STORIE DELLA REPUBBLICA

IL PCI E LA RIVOLUZIONE UNGHERESE

“Se non si vuole distorcere la realtà dei fatti, se non si vuole calunniare la classe operaia ungherese, occorre riconoscere con coraggio che in Ungheria non si tratta di un putsch o di un movimento organizzato dalla reazione, ma di un’ondata di collera che deriva dal disagio economico, da amore per la libertà e dal desiderio di costruire il socialismo secondo una propria via nazionale”

(Manifesto dei 101 del 29 ottobre 1956)

Il processo di destalinizzazione, avviato in seguito al XX congresso del PCUS, generò la speranza nelle democrazie popolari dell’Europa orientale di poter sviluppare forme di dissenso contro l’egemonia sovietica al fine di guadagnare maggiori spazi di libertà. I primi scontri si verificarono in Polonia e si risolsero tramite un compromesso fondato sulla nomina a capo del partito di Gomulka. Completamente differente fu, invece, l’atteggiamento assunto dall’URSS per risolvere i moti insurrezionali ungheresi che ben presto assunsero le caratteristiche di una vera e propria rivoluzione. Nel momento in cui Nagy annunciò la volontà di ricostruire i partiti di opposizione, indire libere elezioni e soprattutto fuoriuscire dal Patto di Varsavia, le truppe sovietiche invasero il Paese ponendo brutalmente fine alla rivolta.

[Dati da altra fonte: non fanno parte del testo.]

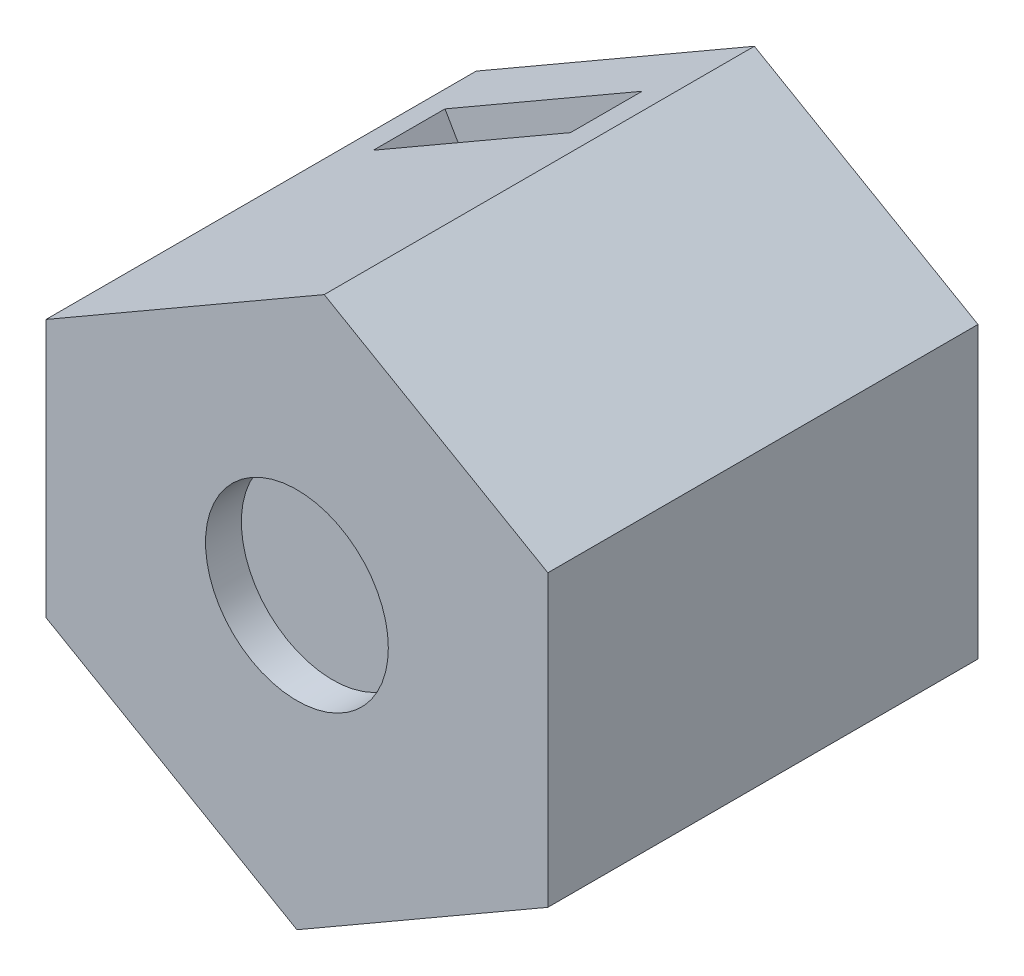
SolidWorks part; units mm, degrees
ref_plane "Front Plane" through (0, 0, 0) normal (0, 0, 1) x (1, 0, 0)
ref_plane "Top Plane" through (0, 0, 0) normal (0, 1, 0) x (1, 0, 0)
ref_plane "Right Plane" through (0, 0, 0) normal (1, 0, 0) x (0, 0, -1)
sketch "Sketch1" plane through (0, 0, 0) normal (0, 0, 1) x (1, 0, 0)
  circle A0 centre (0, 0) radius 7
  dimension "D1" = 14
extrude "Boss-Extrude1" add sketch "Sketch1" along normal blind 12
sketch "Sketch2" plane through (0, 0, 12) normal (0, 0, 1) x (1, 0, 0)
  circle A0 centre (0, 0) radius 2.55
  dimension "D1" = 5.1
extrude "Cut-Extrude1" cut sketch "Sketch2" against normal blind 1
sketch "Sketch3" plane through (0, 0, 0) normal (0, 0, -1) x (-1, 0, 0)
  circle A0 centre (0, 0) radius 1.5
  dimension "D1" = 3
extrude "Cut-Extrude2" cut sketch "Sketch3" against normal blind 4
sketch "Sketch4" plane through (0, 0, 4) normal (0, 0, -1) x (-1, 0, 0)
  line L1 (0, 3.1754) -> (-2.75, 1.5877)
  line L2 (-2.75, 1.5877) -> (-2.75, -1.5877)
  line L3 (-2.75, -1.5877) -> (0, -3.1754)
  line L4 (0, -3.1754) -> (2.75, -1.5877)
  line L5 (2.75, -1.5877) -> (2.75, 1.5877)
  line L6 (2.75, 1.5877) -> (0, 3.1754)
  circle A0 centre (0, 0) radius 2.75 construction
  dimension "D1" = 5.5
extrude "Cut-Extrude3" cut sketch "Sketch4" along normal blind 2
sketch "Sketch5" plane through (-1.375, 2.3816, 0) normal (0.5, -0.866, 0) x (0.866, 0.5, 0)
  line L1 (-3.1754, 4) -> (3.1754, 4)
  line L2 (-3.1754, 4) -> (-3.1754, 2)
  line L3 (-3.1754, 2) -> (3.1754, 2)
  line L4 (3.1754, 4) -> (3.1754, 2)
extrude "Cut-Extrude4" cut sketch "Sketch5" against normal blind 5
extrude "Cut-Extrude5" cut sketch "Sketch5<2>" along normal blind 2.7
sketch "Sketch5<2>" plane through (-1.375, 2.3816, 0) normal (0.5, -0.866, 0) x (0.866, 0.5, 0) same geometry as "Sketch5"
sketch "Sketch6" plane through (0, 0, 0) normal (0, 0, -1) x (-1, 0, 0)
  circle A0 centre (0, 0) radius 1.5
extrude "Cut-Extrude6" cut sketch "Sketch6" against normal blind 7
sketch "Sketch7" plane through (0, 0, 12) normal (0, 0, 1) x (1, 0, 0)
  line L2 (-0.3692, 6.9903) -> (2.725, 1.631)
  line L3 (-0.3692, 6.9903) -> (2.725, 1.631)
  line L4 (-2.775, -1.5444) -> (2.725, 1.631) construction
  line L5 (-5.8692, 3.8148) -> (-2.775, -1.5444)
  line L6 (-5.8692, 3.8148) -> (-2.775, -1.5444)
  line L7 (0, 8.0829) -> (-7, 4.0415)
  line L8 (-7, 4.0415) -> (-7, -4.0415)
  line L9 (-7, -4.0415) -> (0, -8.0829)
  line L10 (0, -8.0829) -> (7, -4.0415)
  line L11 (7, -4.0415) -> (7, 4.0415)
  line L12 (7, 4.0415) -> (0, 8.0829)
  line L13 (-5.8692, 3.8148) -> (-6.25, 4.4745)
  line L14 (-0.3692, 6.9903) -> (-0.75, 7.6499)
  line L15 (-5.8692, 3.8148) -> (-0.3692, 6.9903)
  circle A0 centre (0, 0) radius 7 construction
  circle A1 centre (0, 0) radius 7 construction
  circle A2 centre (0, 0) radius 7
  circle M12 centre (0, 0) radius 7
  dimension "D1" = 0
  dimension "D2" = 0
extrude "Boss-Extrude2" add sketch "Sketch7" against normal up to surface (12 mm away) contours L13 L7 L8 M12 | L14 L12 L7 M12 | L11 L12 M12 | L10 L11 M12 | L9 L10 M12 | L8 L9 M12 region at (0.5619, 7.309, 12) region at (6.2656, 3.6175, 12) region at (6.2656, -3.6175, 12) region at (-6.6107, 3.1678, 12) region at (0, -7.2349, 12) region at (-6.2656, -3.6175, 12) up to face at (-1.5, 0, 0)
extrude "Cut-Extrude7" cut sketch "Sketch7<4>" against normal up to surface (12 mm away) contours L15 M12 region at (-3.2722, 5.6677, 12) up to face at (-1.5, 0, 0)
sketch "Sketch7<4>" plane through (0, 0, 12) normal (0, 0, 1) x (1, 0, 0) same geometry as "Sketch7"
sketch "Sketch8" plane through (0, 0, 12) normal (0, 0, 1) x (1, 0, 0)
  line L0 (-7.004, 3.1596) -> (0.7617, 7.6431)
  line L2 (7, 4.0415) -> (0, 8.0829) construction
  line L3 (-5.8692, 3.8148) -> (-0.3692, 6.9903) construction
  line L24 (-0.3692, 6.9903) -> (-5.8692, 3.8148)
  line L25 (-5.8692, 3.8148) -> (-6.25, 4.4745)
  line L26 (-6.25, 4.4745) -> (-7, 4.0415)
  line L27 (-7, 4.0415) -> (-7, -4.0415)
  line L28 (-7, -4.0415) -> (0, -8.0829)
  line L29 (0, -8.0829) -> (7, -4.0415)
  line L30 (7, -4.0415) -> (7, 4.0415)
  line L31 (7, 4.0415) -> (0, 8.0829)
  line L32 (0, 8.0829) -> (-0.75, 7.6499)
  line L33 (-0.75, 7.6499) -> (-0.3692, 6.9903)
  line L34 (-0.3692, 6.9903) -> (-5.8692, 3.8148)
  line L35 (-5.8692, 3.8148) -> (-6.25, 4.4745)
  line L36 (-6.25, 4.4745) -> (-7, 4.0415)
  line L37 (-7, 4.0415) -> (-7, -4.0415)
  line L38 (-7, -4.0415) -> (0, -8.0829)
  line L39 (0, -8.0829) -> (7, -4.0415)
  line L40 (7, -4.0415) -> (7, 4.0415)
  line L41 (7, 4.0415) -> (0, 8.0829)
  line L42 (0, 8.0829) -> (-0.75, 7.6499)
  line L43 (-0.75, 7.6499) -> (-0.3692, 6.9903)
  point P0 (1.0528, 7.4751)
  point P3 (-3.1212, 5.4014)
  line M13 (-5.8692, 3.8148) -> (-6.25, 4.4745)
  line M14 (-6.25, 4.4745) -> (-7, 4.0415)
  line M15 (-7, 4.0415) -> (-7, -4.0415)
  line M19 (7, 4.0415) -> (0, 8.0829)
  line M20 (0, 8.0829) -> (-0.75, 7.6499)
  line M21 (-0.75, 7.6499) -> (-0.3692, 6.9903)
  dimension "D1" = 0
extrude "Cut-Extrude8" cut sketch "Sketch8" against normal up to surface (12 mm away) contours L0 M15 M13 M14 | L0 M21 M19 M20 region at (-6.5234, 3.8472, 12) region at (-0.0701, 7.573, 12) up to face at (-1.5, 0, 0)
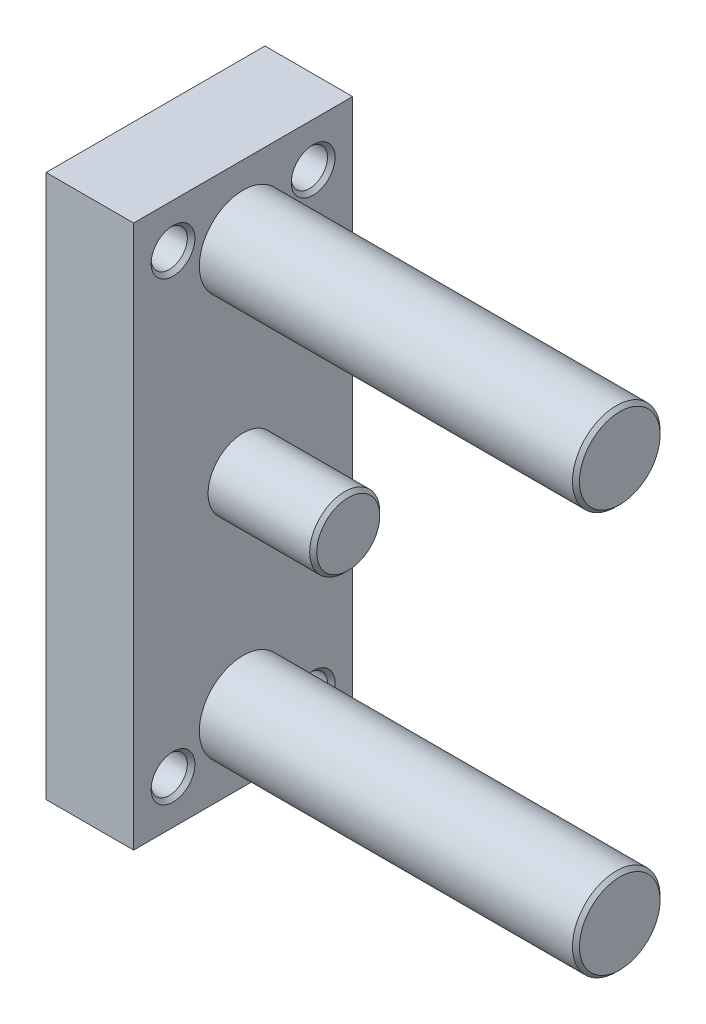
SolidWorks part; units mm, degrees
ref_plane "前视基准面" through (0, 0, 0) normal (0, 0, 1) x (1, 0, 0)
ref_plane "上视基准面" through (0, 0, 0) normal (0, 1, 0) x (1, 0, 0)
ref_plane "右视基准面" through (0, 0, 0) normal (1, 0, 0) x (0, 0, -1)
sketch "草图1" plane through (0, 0, 0) normal (1, 0, 0) x (0, 0, -1)
  line L0 (-12.5, -31) -> (12.5, -31)
  line L1 (12.5, -31) -> (12.5, 31)
  line L2 (12.5, 31) -> (-12.5, 31)
  line L3 (-12.5, 31) -> (-12.5, -31)
extrude "凸台-拉伸1" add sketch "草图1" along normal blind 10
ref_plane "基准面4" through (0, 26, 0) normal (0, 1, 0) x (1, 0, 0)
sketch "草图2" plane through (0, 26, 0) normal (0, 1, 0) x (1, 0, 0)
  line L0 (0, 8) -> (0, 10.5)
  line L1 (0, 10.5) -> (0.433, 10.067)
  line L2 (0.433, 10.067) -> (9.567, 10.067)
  line L3 (9.567, 10.067) -> (10, 10.5)
  line L4 (10, 10.5) -> (10, 8)
  line L5 (10, 8) -> (0, 8)
  line L6 (10, 8) -> (0, 8) construction
revolve "切除-旋转1" cut sketch "草图2" angle 360 about L6 reverse direction yes
cosmetic thread "装饰螺纹线1" parameters "D1"=10, "D2"=5
sketch "草图3" plane through (0, 0, 0) normal (1, 0, 0) x (0, 0, -1)
  line L0 (8, 26) -> (-992, 26)
  line L1 (8, 26) -> (8, -974)
pattern_linear "阵列(线性)1" count 2 spacing 16 along (0, 0, 1) count 2 spacing 52 along (0, -1, 0) of "切除-旋转1"
ref_plane "基准面5" through (0, 23, 0) normal (0, 1, 0) x (1, 0, 0)
sketch "草图4" plane through (0, 23, 0) normal (0, 1, 0) x (1, 0, 0)
  line L0 (0, 0) -> (0, 3.8)
  line L1 (0, 3.8) -> (5.5556, 3.8)
  line L2 (5.5556, 3.8) -> (5.5556, 3.5)
  line L3 (5.5556, 3.5) -> (2.0556, 3.5)
  line L4 (2.0556, 3.5) -> (1.5556, 3)
  line L5 (1.5556, 3) -> (1.5556, 1.5)
  line L6 (1.5556, 1.5) -> (4.1556, 1.5)
  line L7 (4.1556, 1.5) -> (5.0216, 0)
  line L8 (5.0216, 0) -> (0, 0)
  line L9 (5.0216, 0) -> (0, 0) construction
revolve "切除-旋转2" cut sketch "草图4" angle 360 about L9 reverse direction yes
sketch "草图5" plane through (0, 0, 0) normal (0, 1, 0) x (1, 0, 0)
  line L0 (0, 0) -> (0, 3.8)
  line L1 (0, 3.8) -> (5.5556, 3.8)
  line L2 (5.5556, 3.8) -> (5.5556, 3.5)
  line L3 (5.5556, 3.5) -> (2.0556, 3.5)
  line L4 (2.0556, 3.5) -> (1.5556, 3)
  line L5 (1.5556, 3) -> (1.5556, 1.5)
  line L6 (1.5556, 1.5) -> (4.1556, 1.5)
  line L7 (4.1556, 1.5) -> (5.0216, 0)
  line L8 (5.0216, 0) -> (0, 0)
  line L9 (5.0216, 0) -> (0, 0) construction
revolve "切除-旋转3" cut sketch "草图5" angle 360 about L9 reverse direction yes
ref_plane "基准面6" through (0, -23, 0) normal (0, 1, 0) x (1, 0, 0)
sketch "草图6" plane through (0, -23, 0) normal (0, 1, 0) x (1, 0, 0)
  line L0 (0, 0) -> (0, 3.8)
  line L1 (0, 3.8) -> (5.5556, 3.8)
  line L2 (5.5556, 3.8) -> (5.5556, 3.5)
  line L3 (5.5556, 3.5) -> (2.0556, 3.5)
  line L4 (2.0556, 3.5) -> (1.5556, 3)
  line L5 (1.5556, 3) -> (1.5556, 1.5)
  line L6 (1.5556, 1.5) -> (4.1556, 1.5)
  line L7 (4.1556, 1.5) -> (5.0216, 0)
  line L8 (5.0216, 0) -> (0, 0)
  line L9 (5.0216, 0) -> (0, 0) construction
revolve "切除-旋转4" cut sketch "草图6" angle 360 about L9 reverse direction yes
sketch "草图7" plane through (0, 0, 0) normal (0, 1, 0) x (1, 0, 0)
  line L0 (10, 0) -> (10, 4)
  line L1 (10, 4) -> (21.6, 4)
  line L2 (21.6, 4) -> (22, 3.6)
  line L3 (22, 3.6) -> (22, 0)
  line L4 (22, 0) -> (10, 0)
  line L5 (22, 0) -> (10, 0) construction
revolve "旋转1" add sketch "草图7" angle 360 about L5 reverse direction yes
ref_plane "基准面7" through (0, -23, 0) normal (0, 1, 0) x (1, 0, 0)
sketch "草图8" plane through (0, -23, 0) normal (0, 1, 0) x (1, 0, 0)
  line L0 (10, 0) -> (10, 5)
  line L1 (10, 5) -> (52.6, 5)
  line L2 (52.6, 5) -> (53, 4.6)
  line L3 (53, 4.6) -> (53, 0)
  line L4 (53, 0) -> (10, 0)
  line L5 (53, 0) -> (10, 0) construction
revolve "旋转2" add sketch "草图8" angle 360 about L5 reverse direction yes
ref_plane "基准面8" through (0, 23, 0) normal (0, 1, 0) x (1, 0, 0)
sketch "草图9" plane through (0, 23, 0) normal (0, 1, 0) x (1, 0, 0)
  line L0 (10, 0) -> (10, 5)
  line L1 (10, 5) -> (52.6, 5)
  line L2 (52.6, 5) -> (53, 4.6)
  line L3 (53, 4.6) -> (53, 0)
  line L4 (53, 0) -> (10, 0)
  line L5 (53, 0) -> (10, 0) construction
revolve "旋转3" add sketch "草图9" angle 360 about L5 reverse direction yes
ref_plane "基准面9" through (12, 0, 0) normal (1, 0, 0) x (0, 0, -1)
ref_plane "s XY" through (12, 0, 0) normal (1, 0, 0) x (0, 0, -1)
ref_plane "s XZ" through (0, 0, 0) normal (0, -1, 0) x (-1, 0, 0)
ref_plane "s YZ" through (0, 0, 0) normal (0, 0, -1) x (-1, 0, 0)
ref_axis "s X" through (12, 0, 80.9) along (0, 0, -1)
ref_axis "s Y" through (12, -50, 0) along (0, 1, 0)
ref_axis "s Z" through (80.9, 0, 0) along (-1, 0, 0)
sketch3d "s"
  point P0 (12, 0, 0)
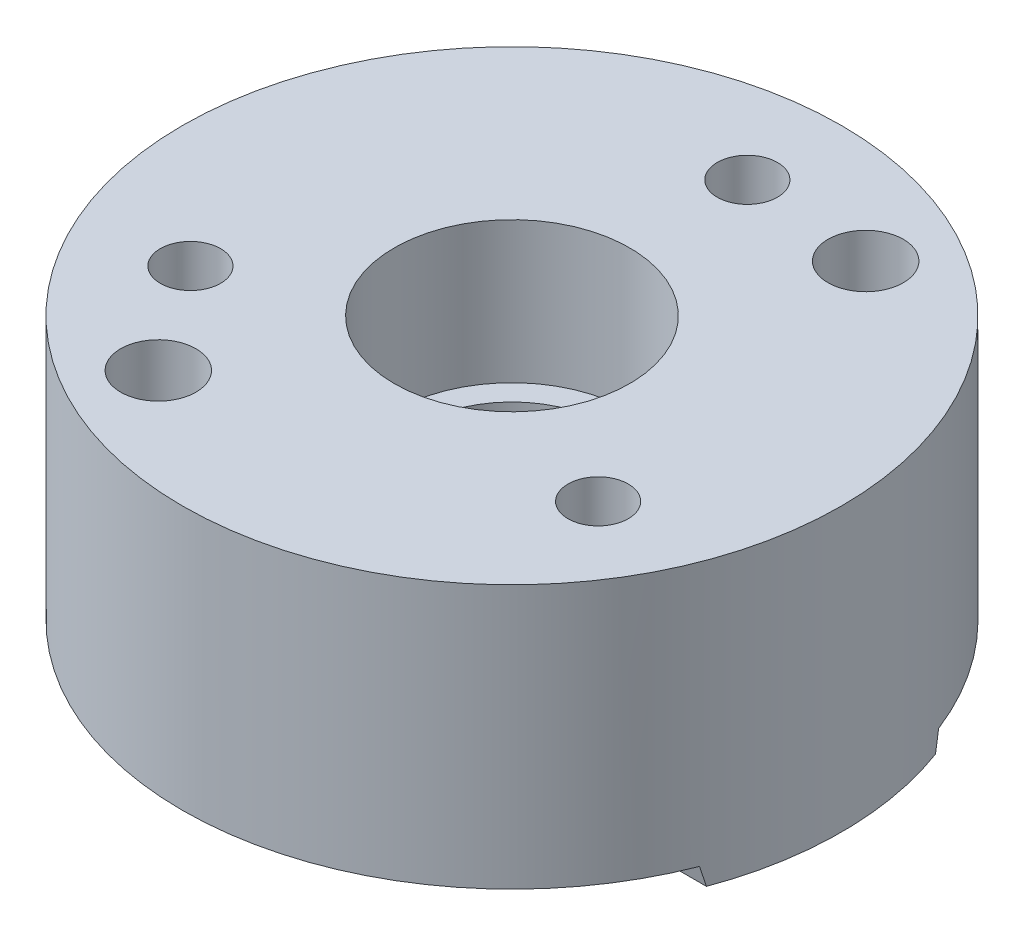
SolidWorks part; units mm, degrees
material "K110"
ref_plane "Front Plane" through (0, 0, 0) normal (0, 0, 1) x (1, 0, 0)
ref_plane "Top Plane" through (0, 0, 0) normal (0, 1, 0) x (1, 0, 0)
ref_plane "Right Plane" through (0, 0, 0) normal (1, 0, 0) x (0, 0, -1)
sketch "Sketch1" plane through (0, 0, 0) normal (0, 1, 0) x (1, 0, 0)
  circle A0 centre (0, 0) radius 35
  circle A1 centre (0, 0) radius 10
  dimension "D1" = 20
  dimension "D2" = 70
extrude "Boss-Extrude1" add sketch "Sketch1" against normal blind 30
sketch "Sketch4" plane through (0, 0, 0) normal (0, 1, 0) x (1, 0, 0)
  circle A0 centre (0, 0) radius 12.5
  dimension "D1" = 25
extrude "Cut-Extrude2" cut sketch "Sketch4" against normal blind 15
hole_wizard "CBORE for M6 Hex Socket Head Cap Screw1" positions "Sketch15" profile "Sketch8" counterbore size "M6" standard "ISO" end condition through all
sketch "Sketch15" plane through (0, -30, 0) normal (0, -1, 0) x (-1, 0, 0)
  line L0 (0, 25) -> (0, 0) construction
  line L1 (0, 0) -> (-21.6506, -12.5) construction
  line L3 (0, 0) -> (21.6506, -12.5) construction
  circle A0 centre (0, 0) radius 25 construction
  point P0 (0, 25)
  point P2 (21.6506, -12.5)
  point P4 (-21.6506, -12.5)
  dimension "D1" = 50
  dimension "D2" = 120
  dimension "D3" = 120
sketch "Sketch8" plane through (0, -30, -25) normal (1, 0, 0) x (0, 0, -1)
  line L0 (0, 0) -> (0, 30)
  line L1 (0, 30) -> (3.2, 30)
  line L3 (3.2, 30) -> (3.2, 8.4)
  line L4 (3.2, 8.4) -> (5.5, 8.4)
  line L5 (5.5, 8.4) -> (5.5, 0)
  line L7 (5.5, 0) -> (0, 0)
  line L11 (0, -6.35) -> (0, 107.95) construction
  dimension "Thru Hole Dia." = 6.4
  dimension "Thru Hole Depth" = 30
  dimension "C'Bore Dia." = 11
  dimension "C'Bore Depth" = 8.4
hole_wizard "Ø8.0mm Dowel Hole1" positions "Sketch17" profile "Sketch12" hole size "Ø8.0" standard "ISO" end condition through all
sketch "Sketch17" plane through (0, -30, 0) normal (0, -1, 0) x (-1, 0, 0)
  line L0 (-13.75, 23.8157) -> (13.75, -23.8157) construction
  line L1 (0, 35) -> (0, -35) construction
  circle A0 centre (0, 0) radius 27.5 construction
  circle A1 centre (0, 0) radius 35 construction
  point P0 (13.75, -23.8157)
  point P2 (-13.75, 23.8157)
  point P26 (0, 0)
  dimension "D1" = 55
  dimension "D2" = 30
sketch "Sketch12" plane through (-13.75, -30, 23.8157) normal (1, 0, 0) x (0, 0, -1)
  line L0 (0, 0) -> (0, 30)
  line L1 (0, 30) -> (4, 30)
  line L2 (4, 30) -> (4, 0)
  line L5 (4, 0) -> (0, 0)
  line L11 (0, -6.35) -> (0, 107.95) construction
  dimension "Thru Hole Dia." = 8
  dimension "Thru Hole Depth" = 30
sketch "Sketch14" plane through (0, -30, 0) normal (0, -1, 0) x (1, 0, 0)
  line L0 (-58.6405, -12.7) -> (58.6405, -12.7) construction
  line L1 (-35, 12.7) -> (35, 12.7)
  line L2 (-35, 12.7) -> (-35, -12.7)
  line L3 (-35, -12.7) -> (35, -12.7)
  line L4 (35, 12.7) -> (35, -12.7)
  line L5 (-35, 12.7) -> (35, -12.7) construction
  line L6 (-35, -12.7) -> (35, 12.7) construction
  circle A0 centre (0, 0) radius 35 construction
  point P0 (0, 0)
extrude "Cut-Extrude3" cut sketch "Sketch14" against normal blind 2 flip side to cut
sketch "Sketch16" plane through (0, -30, 0) normal (0, -1, 0) x (1, 0, 0)
  circle A0 centre (22.5, 0) radius 4.25
  dimension "D1" = 8.5
sketch "Sketch18" plane through (0, -30, 0) normal (0, -1, 0) x (1, 0, 0)
  circle A1 centre (-25.9, 0) radius 4.25
  dimension "D1" = 8.5
extrude "Cut-Extrude5" cut sketch "Sketch18" against normal blind 6
sketch "Sketch19" plane through (0, 0, 0) normal (1, 0, 0) x (0, 0, -1)
  line L2 (-12.7, -28) -> (-12.1641, -30)
  line L3 (-12.7, -30) -> (12.7, -30) construction
  line L4 (-12.1641, -30) -> (-12.7, -30)
  line L5 (-12.7, -30) -> (-12.7, -28)
  line L6 (12.7, -28) -> (12.1641, -30)
  line L7 (12.1641, -30) -> (12.7, -30)
  line L8 (12.7, -30) -> (12.7, -28)
  dimension "D1" = 15
  dimension "D2" = 15
extrude "Cut-Extrude6" cut sketch "Sketch19" against normal through all both and the other way through all

La Rivoluzione ungherese segnò uno dei momenti più critici della storia del PCI. Infatti, in merito a tale tragico evento, il partito di Togliatti assunse una posizione intransigente in favore della repressione sovietica che provocò la spaccatura definitiva nella sinistra italiana. Secondo i dirigenti comunisti l’origine dell’insurrezione era di matrice fascista e reazionaria ed aveva come unico intento l’abbattimento del socialismo, come lo stesso Togliatti scrisse in un articolo intitolato “Sui fatti di Ungheria”, nel quale la rivolta veniva considerata una vera e propria controrivoluzione organizzata volontariamente da forze nemiche estere. Inoltre, in questo schema interpretativo era presente un richiamo al passato che serviva a paragonare i rivoltosi al regime autoritario di Horthy che aveva posto fine all’esperienza della repubblica sovietica ungherese di Bela Kun.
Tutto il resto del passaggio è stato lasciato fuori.